I'm guessing a fair few of you know that it's based on a true event. I'd be willing to bet that even less of you know that just yesterday, the man who orchestrated the killings, now eighty years old, a Baptist preacher and wheelchair bound, was found guilty of manslaughter and sent down for twenty years.
Here, I present an article that was submitted to the open forums of the San Francisco Chronicle. They're not my words and I claim no tolerance for the attitude displayed by the author, Hans Allhoff, a student of Stanford Law School. I'm reproducing it in full because I don't want it to dissappear. If you want a more clear explanation with what's wrong with the US today, just read on:
It's the kind of news we love to hear: Forty-one years after three voter registration volunteers were killed in rural Mississippi, Edgar Ray Killen, an acknowledged Klu Klux Klansman, now stands trial for their murder. Again. (Killen was tried in 1967 and walked after his all-white jury deadlocked.) His alleged victims were James Chaney, Michael Schwerner and Andrew Goodman. Each was in his early 20s, and each was a passionate advocate for what he understood justice to demand.
Although Killen has pled not guilty, his prosecution may well do for civil-rights soldiers still living what apprehending Osama bin Laden would do for us, which is to bring some symbolic closure to a haunting memory. Yet I am surprised nobody wants to call Killen a murderer and then leave him alone: Our two most preferred justifications for punishing criminals -- incapacitation and deterrence -- don't cut it in his case. He is 80 years old and a preacher. By virtue of his station in life (an accident earlier this year left him wheelchair-bound), he is already incapacitated. He might still be a racist, but he is no real threat to social order. What's more, his crime, by virtue of our society's moral evolution, is one we don't really need to deter. Civil- rights work is a relatively safe business these days.
There's always a need to deter senseless killing, of course, but there was nothing senseless about what Killen is accused of. Whoever did it was a Klu Klux Klan member who, true to his heart, was fighting for his version of a better America. Just like his victims. Sad -- disgusting, even -- but true.
With incapacitation and deterrence ineligible, what's left? Not rehabilitation. Again, Killen is not far from death, and criminal convictions only rarely produce heartfelt conversions in people. How about vengeance, or retribution? They're terribly unpopular. One victim's mother, Carolyn Goodman, has specifically disavowed their import. "I'm not looking for revenge," she said. "I'm looking for justice."

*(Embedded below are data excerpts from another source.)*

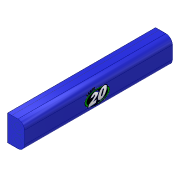
# Autodesk Inventor part: SideBumper
Saved by Autodesk Inventor 2018 (Build 220112000, 112)
## iProperties
Created: 2020-02-05
Part Number: SideBumper
Material: Wood (Birch)
Document SubType Name: Modeling
Designer: Myers
Mass: 3043.93 g
Surface Area: 12933.7 cm^2
Volume: 5534.42 cm^3
Density: 0.55 g/cm^3
Appearance: Birch - Natural Polished
Author: Myers
Autodesk Inventor part; units mm, degrees
ref_plane "YZ Plane" through (0, 0, 0) normal (1, 0, 0) x (0, 1, 0)
ref_plane "XZ Plane" through (0, 0, 0) normal (0, 1, 0) x (-1, 0, 0)
ref_plane "XY Plane" through (0, 0, 0) normal (0, 0, 1) x (1, 0, 0)
sketch "Sketch1" plane through (0, 0, 0) normal (0, 0, 1) x (1, 0, 0)
  line L0 (0, 0) -> (19.05, 0)
  line L1 (19.05, 0) -> (19.05, -127)
  line L2 (19.05, -127) -> (0, -127)
  line L3 (0, -127) -> (0, 0)
  circle A0 centre (50.8, -31.75) radius 31.75
  circle A1 centre (50.8, -31.75) radius 15.875
  circle A2 centre (50.8, -95.25) radius 15.875
  circle A3 centre (50.8, -95.25) radius 31.75
  dimension "d0" = 19.05
  dimension "d1" = 127
  dimension "d2" = 31.75
  constraints: 8 end point, 5 tangent, 4 centre point, 2 equal radius, 2 parallel, 1 coincident, 1 concentric, 1 horizontal, 1 perpendicular
  measures "d0" distance of L0.start L0.end
  measures "d1" distance of L2.end L0.start
  measures "d2" diameter of A1
extrude "Extrusion1" add sketch "Sketch1" along normal blind 736.6 contours L0 L1 L2 L3
extrude "Extrusion2" add sketch "Sketch1" along normal up to surface (736.6 mm away) separate body contours A0 | A3
sketch "Sketch2" plane through (0, 0, 0) normal (0, 0, -1) x (-1, 0, 0)
  line L0 (-19.05, -127) -> (0, -127) projected
  line L1 (0, -127) -> (0, 0) projected
  line L2 (0, 0) -> (-50.8, 0)
  circle A0 centre (-50.8, -31.75) radius 31.75 projected
  line L3 (0, 0) -> (0, -127) projected
  line L4 (0, 0) -> (0, -127)
  line L5 (0, -127) -> (-50.8, -127)
  circle A1 centre (-50.8, -95.25) radius 31.75 projected
  arc A2 (-82.55, -95.25) -> (-50.8, -127) centre (-50.8, -95.25) ccw
  arc A3 (-50.8, 0) -> (-82.55, -31.75) centre (-50.8, -31.75) ccw
  line L6 (-82.55, -31.75) -> (-82.55, -95.25)
  arc A4 (-83.3628, -95.25) -> (-50.8, -127.8128) centre (-50.8, -95.25) ccw
  line L7 (-50.8, -127.8128) -> (0.8128, -127.8128)
  line L8 (0.8128, -127.8128) -> (0.8128, 0.8128)
  line L9 (0.8128, 0.8128) -> (-50.8, 0.8128)
  arc A5 (-50.8, 0.8128) -> (-83.3628, -31.75) centre (-50.8, -31.75) ccw
  line L10 (-83.3628, -31.75) -> (-83.3628, -95.25)
  point P0 (-50.8, -63.5)
  dimension "d7" = 0.8128
  constraints: 16 end point, 10 point on circle, 4 centre point, 4 tangent, 2 concentric, 1 perpendicular, 5 other
  measures "d7" distance between parallel lines of L10 L6
extrude "Extrusion3" add sketch "Sketch2" against normal up to surface (736.6 mm away) separate body
sketch "Sketch3" plane through (0, 0, 0) normal (0, 0, -1) x (-1, 0, 0)
  arc A0 (-83.3628, -95.25) -> (-50.8, -127.8128) centre (-50.8, -95.25) ccw projected
  line L0 (-50.8, -127.8128) -> (0.8128, -127.8128) projected
  line L1 (0.8128, -127.8128) -> (0.8128, 0.8128) projected
  line L2 (0.8128, 0.8128) -> (-50.8, 0.8128) projected
  arc A1 (-50.8, 0.8128) -> (-83.3628, -31.75) centre (-50.8, -31.75) ccw projected
  line L3 (-83.3628, -31.75) -> (-83.3628, -95.25) projected
extrude "Extrusion4" add sketch "Sketch3" along normal blind 0.8128 bodies 3
sketch "Sketch5" plane through (-0.8128, -127.8128, 736.6) normal (0, 0, 1) x (1, 0, 0)
  line L0 (51.6128, 0) -> (0, 0) projected
  arc A0 (51.6128, 0) -> (84.1756, 32.5628) centre (51.6128, 32.5628) ccw projected
  line L1 (84.1756, 96.0628) -> (84.1756, 32.5628) projected
  arc A1 (84.1756, 96.0628) -> (51.6128, 128.6256) centre (51.6128, 96.0628) ccw projected
  line L2 (0, 128.6256) -> (51.6128, 128.6256) projected
  line L3 (0, 0) -> (0, 128.6256) projected
extrude "Extrusion5" add sketch "Sketch5" along normal blind 0.8128 bodies 3
sketch "Sketch6" plane through (83.3628, -95.25, -0.8128) normal (1, 0, 0) x (0, 0, -1)
  line L0 (-438.2681, 74.6205) -> (-311.8686, 74.6205) construction
  line L1 (-311.8686, 74.6205) -> (-311.8686, -8.8099) construction
  line L2 (-311.8686, -8.8099) -> (-438.2681, -8.8099) construction
  line L3 (-438.2681, -8.8099) -> (-438.2681, 74.6205) construction
  point P0 (-0.8128, 95.25)
  constraints: 2 other
decal "Decal1"
body "Solid1"
body "Solid2"
body "Solid3"

Most opponents of harsh punishment and strict sentencing laws also believe vengeance and retribution to be subrational impulses, simply out of alignment with modern liberal and democratic values. George Ryan, who commuted all death sentences in Illinois when he was governor, continues to say they have no penal logic -- to much applause.
Yet if we're to ignore our moral impressions about what people who commit crimes deserve, irrespective of what we'll gain socially by punishing them, it's not clear how we can in good faith prosecute people like Killen. Carolyn Goodman is partially correct. We all want justice. But it's hard to see how our understanding of justice in Killen's case has nothing to do with wanting to see him suffer. We don't just want him to be held accountable for his crime; we want him to pay a price for it. We believe it would be morally proper for him to die in jail rather than his Mississippi home.
We may be a better, more civil people without vengeful sentiments in our hearts. Maybe they do coarsen us. Maybe they aren't good for our moral advancement as a people. Maybe it is wrong to treat people, even bad people, as objects of punishment.
Whether Killen should be prosecuted today for a crime of decades past can remain an open question. What cannot is our reason for believing he should. It is vengeance, and nothing else.
Pay especial attention to this phrase:
there was nothing senseless about what Killen is accused of. Whoever did it was a Klu Klux Klan member who, true to his heart, was fighting for his version of a better America.
Now, even though the author goes on to call such an attitude sad and disgusting, we all know that there are people both in the states and much closer to home who will say that it's a fair point. Hypocritically, they would probably be the loudest voices in the crowd baying for the blood of all Muslims as a result of 9/11.
Maybe this is an attempt at Devils' Advocacy, maybe it's all a badly thought out exercise in reasoning by some snotty Law undergrad student, but it's sparked a row, it's tapped the uneasy subconscious of Americans because it's reawakened the thought that maybe, just maybe America isn't all that Great and Free after all. And that scares the living fuck out of them.